OPINION FILED JUNE 24, 1980.

ANGELINE R. KAVANAUGH, PLAINTIFF-APPELLEE,

v.

ESTATE OF JOSEPH M. DOBROWOLSKI, DECEASED, DEFENDANT-APPELLANT.



APPEAL from the Circuit Court of Cook County; the Hon. RAYMOND E. TRAFELET, Judge, presiding.

MR. PRESIDING JUSTICE PERLIN DELIVERED THE OPINION OF THE COURT:

Rehearing denied July 23, 1980.

Angeline R. Kavanaugh, plaintiff-appellee, filed a claim against the estate of Joseph M. Dobrowolski (Alexander Dobrowolski, executor), defendant-appellant (hereinafter referred to as the Estate), for the proceeds from the sale by decedent during his lifetime of certain real estate. The claim alleged that, pursuant to an agreement between decedent and Kavanaugh, said proceeds were to be held by decedent in trust for her benefit. After a bench trial, judgment in the form of a fifth class claim *fn1 was entered in favor of plaintiff in the amount of $62,258. The Estate appeals from this judgment.

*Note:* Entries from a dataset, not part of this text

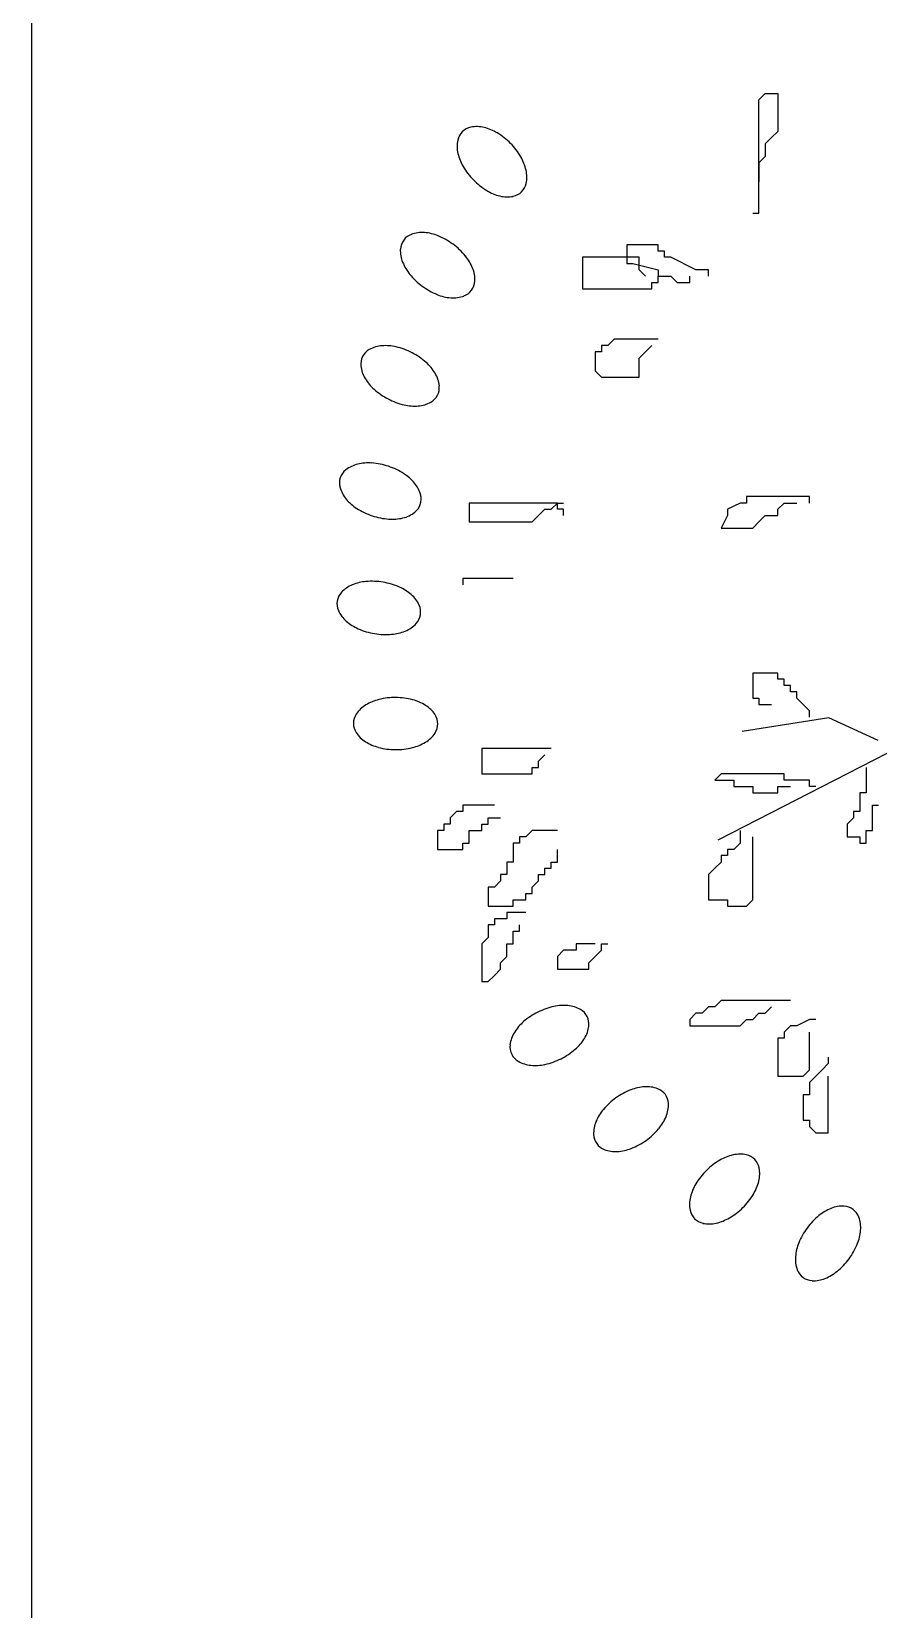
# Model space of a CAD drawing. Header units: millimetres. Extents: x -4017 to 59953, y -688 to 66564.
# Drawn here: x 35108 to 35933, y 40044 to 41581 of the extents above; entities that cross this region are included whole.
import ezdxf

# ---------------------------------------------------------------- set-up
doc = ezdxf.new("R2010")
doc.units = ezdxf.units.MM
doc.layers.add('www.cad-blocks.net', color=7, linetype='Continuous')

# ---------------------------------------------------------------- blocks, each defined once
blk = doc.blocks.new('A$C516926BB')
blk.add_line((37.5671, 38.5194), (37.5671, 0))
blk = doc.blocks.new('A$C4128763F')
at = {"color": 0}
for p, q in [((0.4112, 1.212), (0.4173, 1.2181)), ((0.4173, 1.2181), (0.4296, 1.2181)), ((0.4296, 1.2181), (0.4296, 1.1813)), ((0.4112, 1.1015), (0.4112, 1.212)), ((0.4235, 1.1752), (0.4173, 1.169)), ((0.4173, 1.169), (0.4173, 1.1568)), ((0.4296, 1.1813), (0.4235, 1.1752)), ((0.4173, 1.1568), (0.4112, 1.1506)), ((0.4112, 1.1506), (0.4112, 1.1322)), ((0.4051, 1.1015), (0.4112, 1.1015)), ((0.2823, 1.0709), (0.2823, 1.0525)), ((0.313, 1.0709), (0.2823, 1.0709)), ((0.313, 1.0647), (0.313, 1.0709)), ((0.3191, 1.0647), (0.313, 1.0647)), ((0.3191, 1.0586), (0.3191, 1.0647)), ((0.2393, 1.0586), (0.2393, 1.0279)), ((0.2946, 1.0586), (0.2393, 1.0586)), ((0.2823, 1.0525), (0.2884, 1.0525)), ((0.2884, 1.0525), (0.313, 1.0463)), ((0.2946, 1.0463), (0.2946, 1.0586)), ((0.3007, 1.0402), (0.2946, 1.0463)), ((0.313, 1.0463), (0.313, 1.0402)), ((0.3253, 1.0586), (0.3191, 1.0586)), ((0.3498, 1.0463), (0.3253, 1.0586)), ((0.3621, 1.0463), (0.3498, 1.0463)), ((0.3621, 1.0402), (0.3621, 1.0463)), ((0.3068, 1.0341), (0.313, 1.0341)), ((0.3068, 1.0279), (0.3068, 1.0341)), ((0.313, 1.0341), (0.313, 1.0402)), ((0.313, 1.0402), (0.3253, 1.0402)), ((0.3253, 1.0402), (0.3314, 1.0341)), ((0.3314, 1.0341), (0.3437, 1.0341)), ((0.3437, 1.0341), (0.3437, 1.0402)), ((0.2393, 1.0279), (0.3068, 1.0279)), ((0.2577, 0.9727), (0.2577, 0.9666)), ((0.2639, 0.9727), (0.2577, 0.9727)), ((0.27, 0.9789), (0.2639, 0.9727)), ((0.313, 0.9789), (0.27, 0.9789)), ((0.3007, 0.9666), (0.3068, 0.9727)), ((0.2516, 0.9666), (0.2516, 0.9482)), ((0.2577, 0.9666), (0.2516, 0.9666)), ((0.2946, 0.9604), (0.3007, 0.9666)), ((0.2946, 0.942), (0.2946, 0.9604)), ((0.2516, 0.9482), (0.2577, 0.942)), ((0.2577, 0.942), (0.2946, 0.942)), ((0.2148, 0.8193), (0.1288, 0.8193)), ((0.1288, 0.8193), (0.1288, 0.8009)), ((0.2086, 0.8132), (0.2148, 0.8193)), ((0.2148, 0.8193), (0.2209, 0.8193)), ((0.2148, 0.8132), (0.2148, 0.8193)), ((0.3928, 0.8193), (0.3805, 0.8132)), ((0.3989, 0.8193), (0.3928, 0.8193)), ((0.3989, 0.8255), (0.3989, 0.8193)), ((0.4603, 0.8255), (0.3989, 0.8255)), ((0.4296, 0.8132), (0.4358, 0.8193)), ((0.4358, 0.8193), (0.448, 0.8193)), ((0.4603, 0.8193), (0.4603, 0.8255)), ((0.1288, 0.8009), (0.1902, 0.8009)), ((0.1902, 0.8009), (0.1963, 0.8071)), ((0.1963, 0.8071), (0.2025, 0.8132)), ((0.2025, 0.8132), (0.2086, 0.8132)), ((0.2209, 0.8132), (0.2148, 0.8132)), ((0.2209, 0.8071), (0.2209, 0.8132)), ((0.3805, 0.8071), (0.3744, 0.7948)), ((0.3805, 0.8132), (0.3805, 0.8071)), ((0.4051, 0.7948), (0.4112, 0.8009)), ((0.4112, 0.8009), (0.4173, 0.8071)), ((0.4173, 0.8071), (0.4296, 0.8071)), ((0.4296, 0.8071), (0.4296, 0.8132)), ((0.3744, 0.7948), (0.4051, 0.7948)), ((0.1718, 0.7457), (0.1227, 0.7457)), ((0.1227, 0.7457), (0.1227, 0.7396)), ((0.4051, 0.6537), (0.4051, 0.6292)), ((0.4296, 0.6537), (0.4051, 0.6537)), ((0.4296, 0.6476), (0.4296, 0.6537)), ((0.4358, 0.6476), (0.4296, 0.6476)), ((0.4358, 0.6414), (0.4358, 0.6476)), ((0.4419, 0.6414), (0.4358, 0.6414)), ((0.4419, 0.6353), (0.4419, 0.6414)), ((0.448, 0.6353), (0.4419, 0.6353)), ((0.448, 0.6292), (0.448, 0.6353)), ((0.4051, 0.6292), (0.4112, 0.6292)), ((0.4112, 0.6292), (0.4112, 0.623)), ((0.4112, 0.623), (0.4235, 0.623)), ((0.4542, 0.623), (0.448, 0.6292)), ((0.4603, 0.6169), (0.4542, 0.623)), ((0.4603, 0.6108), (0.4603, 0.6169)), ((0.595, 0.6059), (0.3711, 0.4908)), ((0.4793, 0.61), (0.3949, 0.5967)), ((0.5274, 0.5881), (0.4793, 0.61)), ((0.2086, 0.5801), (0.1411, 0.5801)), ((0.1411, 0.5801), (0.1411, 0.5555)), ((0.1963, 0.5678), (0.2025, 0.5739)), ((0.1411, 0.5555), (0.1902, 0.5555)), ((0.1902, 0.5617), (0.1963, 0.5617)), ((0.1902, 0.5555), (0.1902, 0.5617)), ((0.1963, 0.5617), (0.1963, 0.5678)), ((0.3744, 0.5555), (0.3682, 0.5494)), ((0.4358, 0.5555), (0.3744, 0.5555)), ((0.4358, 0.5494), (0.4358, 0.5555)), ((0.5156, 0.5617), (0.5156, 0.5371)), ((0.3682, 0.5494), (0.3866, 0.5494)), ((0.3866, 0.5494), (0.3866, 0.5433)), ((0.3866, 0.5433), (0.4051, 0.5433)), ((0.4051, 0.5433), (0.4051, 0.5371)), ((0.4296, 0.5433), (0.4419, 0.5433)), ((0.4296, 0.5371), (0.4296, 0.5433)), ((0.4603, 0.5494), (0.4358, 0.5494)), ((0.4603, 0.5433), (0.4603, 0.5494)), ((0.4665, 0.5433), (0.4603, 0.5433)), ((0.1227, 0.5249), (0.1227, 0.5187)), ((0.1534, 0.5249), (0.1227, 0.5249)), ((0.4051, 0.5371), (0.4296, 0.5371)), ((0.5094, 0.5371), (0.5094, 0.5187)), ((0.5156, 0.5371), (0.5094, 0.5371)), ((0.5217, 0.5249), (0.5278, 0.5249)), ((0.5217, 0.5003), (0.5217, 0.5249)), ((0.1165, 0.5187), (0.1104, 0.5126)), ((0.1104, 0.5126), (0.1104, 0.5065)), ((0.1227, 0.5187), (0.1165, 0.5187)), ((0.1472, 0.5126), (0.1595, 0.5126)), ((0.1472, 0.5065), (0.1472, 0.5126)), ((0.5033, 0.5126), (0.4971, 0.5065)), ((0.5033, 0.5187), (0.5033, 0.5126)), ((0.5094, 0.5187), (0.5033, 0.5187)), ((0.0981, 0.5003), (0.0981, 0.4819)), ((0.1042, 0.5003), (0.0981, 0.5003)), ((0.1042, 0.5065), (0.1042, 0.5003)), ((0.1104, 0.5065), (0.1042, 0.5065)), ((0.1288, 0.5003), (0.1411, 0.5003)), ((0.1288, 0.4881), (0.1288, 0.5003)), ((0.1411, 0.5065), (0.1472, 0.5065)), ((0.1411, 0.5003), (0.1411, 0.5065)), ((0.1779, 0.4942), (0.1779, 0.4881)), ((0.1841, 0.4942), (0.1779, 0.4942)), ((0.1902, 0.5003), (0.1841, 0.4942)), ((0.2148, 0.5003), (0.1902, 0.5003)), ((0.3928, 0.5003), (0.3928, 0.4881)), ((0.4051, 0.4328), (0.4051, 0.4942)), ((0.4971, 0.5065), (0.4971, 0.4942)), ((0.4971, 0.4942), (0.5094, 0.4942)), ((0.5094, 0.4942), (0.5094, 0.4881)), ((0.5156, 0.5003), (0.5217, 0.5003)), ((0.5156, 0.4881), (0.5156, 0.5003)), ((0.0981, 0.4819), (0.1227, 0.4819)), ((0.1227, 0.4881), (0.1288, 0.4881)), ((0.1227, 0.4819), (0.1227, 0.4881)), ((0.1718, 0.4881), (0.1718, 0.4696)), ((0.1779, 0.4881), (0.1718, 0.4881)), ((0.2148, 0.4696), (0.2148, 0.4819)), ((0.3805, 0.4819), (0.3805, 0.4758)), ((0.3866, 0.4819), (0.3805, 0.4819)), ((0.3928, 0.4881), (0.3866, 0.4819)), ((0.5094, 0.4881), (0.5156, 0.4881)), ((0.1656, 0.4696), (0.1656, 0.4574)), ((0.1718, 0.4696), (0.1656, 0.4696)), ((0.2025, 0.4635), (0.2086, 0.4635)), ((0.2025, 0.4574), (0.2025, 0.4635)), ((0.2086, 0.4696), (0.2148, 0.4696)), ((0.2086, 0.4635), (0.2086, 0.4696)), ((0.3682, 0.4635), (0.3621, 0.4574)), ((0.3744, 0.4696), (0.3682, 0.4635)), ((0.3744, 0.4758), (0.3744, 0.4696)), ((0.3805, 0.4758), (0.3744, 0.4758)), ((0.1595, 0.4512), (0.1534, 0.4451)), ((0.1656, 0.4574), (0.1595, 0.4574)), ((0.1595, 0.4574), (0.1595, 0.4512)), ((0.1902, 0.4451), (0.1963, 0.4512)), ((0.1963, 0.4574), (0.2025, 0.4574)), ((0.1963, 0.4512), (0.1963, 0.4574)), ((0.3621, 0.4574), (0.3621, 0.4328)), ((0.1472, 0.4451), (0.1472, 0.4267)), ((0.1534, 0.4451), (0.1472, 0.4451)), ((0.1718, 0.4328), (0.1841, 0.4328)), ((0.1718, 0.4267), (0.1718, 0.4328)), ((0.1841, 0.439), (0.1902, 0.439)), ((0.1841, 0.4328), (0.1841, 0.439)), ((0.1902, 0.439), (0.1902, 0.4451)), ((0.3621, 0.4328), (0.3805, 0.4328)), ((0.3805, 0.4328), (0.3805, 0.4267)), ((0.3989, 0.4267), (0.4051, 0.4328)), ((0.1472, 0.4267), (0.1718, 0.4267)), ((0.1656, 0.4206), (0.1656, 0.4144)), ((0.1841, 0.4206), (0.1656, 0.4206)), ((0.3805, 0.4267), (0.3989, 0.4267)), ((0.1472, 0.4083), (0.1472, 0.396)), ((0.1534, 0.4083), (0.1472, 0.4083)), ((0.1656, 0.4144), (0.1534, 0.4144)), ((0.1534, 0.4144), (0.1534, 0.4083)), ((0.1718, 0.4022), (0.1779, 0.4022)), ((0.1718, 0.3899), (0.1718, 0.4022)), ((0.1779, 0.4022), (0.1779, 0.4083)), ((0.1472, 0.396), (0.1411, 0.3899)), ((0.1411, 0.3899), (0.1411, 0.3531)), ((0.1656, 0.3899), (0.1718, 0.3899)), ((0.1656, 0.3776), (0.1656, 0.3899)), ((0.2332, 0.3899), (0.2332, 0.3838)), ((0.2516, 0.3899), (0.2332, 0.3899)), ((0.2577, 0.3899), (0.2639, 0.3899)), ((0.2577, 0.3838), (0.2577, 0.3899)), ((0.1595, 0.3715), (0.1656, 0.3776)), ((0.1595, 0.3654), (0.1595, 0.3715)), ((0.2209, 0.3838), (0.2148, 0.3776)), ((0.2148, 0.3776), (0.2148, 0.3654)), ((0.2332, 0.3838), (0.2209, 0.3838)), ((0.2454, 0.3715), (0.2516, 0.3776)), ((0.2454, 0.3654), (0.2454, 0.3715)), ((0.2516, 0.3776), (0.2577, 0.3838)), ((0.1472, 0.3531), (0.1534, 0.3592)), ((0.1534, 0.3592), (0.1595, 0.3654)), ((0.2148, 0.3654), (0.2454, 0.3654)), ((0.1411, 0.3531), (0.1472, 0.3531)), ((0.3621, 0.3285), (0.3559, 0.3224)), ((0.3682, 0.3285), (0.3621, 0.3285)), ((0.3744, 0.3347), (0.3682, 0.3285)), ((0.4419, 0.3347), (0.3744, 0.3347)), ((0.4173, 0.3224), (0.4235, 0.3285)), ((0.3498, 0.3224), (0.3437, 0.3163)), ((0.3437, 0.3163), (0.3437, 0.3101)), ((0.3437, 0.3101), (0.3928, 0.3101)), ((0.3559, 0.3224), (0.3498, 0.3224)), ((0.3928, 0.3101), (0.3989, 0.3163)), ((0.3989, 0.3163), (0.4051, 0.3163)), ((0.4051, 0.3163), (0.4112, 0.3224)), ((0.4112, 0.3224), (0.4173, 0.3224)), ((0.4419, 0.3101), (0.4358, 0.304)), ((0.448, 0.3101), (0.4419, 0.3101)), ((0.4603, 0.3163), (0.448, 0.3101)), ((0.4665, 0.3163), (0.4603, 0.3163)), ((0.4296, 0.2979), (0.4296, 0.2611)), ((0.4358, 0.2979), (0.4296, 0.2979)), ((0.4358, 0.304), (0.4358, 0.2979)), ((0.4603, 0.2672), (0.4603, 0.304)), ((0.4787, 0.2795), (0.4787, 0.2733)), ((0.4542, 0.2611), (0.4603, 0.2672)), ((0.4726, 0.2672), (0.4665, 0.2611)), ((0.4787, 0.2733), (0.4726, 0.2672)), ((0.4296, 0.2611), (0.4542, 0.2611)), ((0.4665, 0.2611), (0.4603, 0.2549)), ((0.4603, 0.2549), (0.4603, 0.2427)), ((0.4787, 0.2058), (0.4787, 0.2611)), ((0.4542, 0.2427), (0.4542, 0.2181)), ((0.4603, 0.2427), (0.4542, 0.2427)), ((0.4542, 0.2181), (0.4603, 0.2181)), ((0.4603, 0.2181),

The issues presented for review are (1) whether a written agreement between decedent and plaintiff was enforceable as a declaration of trust; (2) whether the trial court erred in determining that the agreement between decedent and plaintiff was signed by decedent and thereby erred in admitting it into evidence; (3) whether the trial court erred in admitting certain parol evidence; (4) whether the trial court erred in denying defendant's motion for a directed verdict; and (5) whether the trial court erred in entering judgment in favor of plaintiff.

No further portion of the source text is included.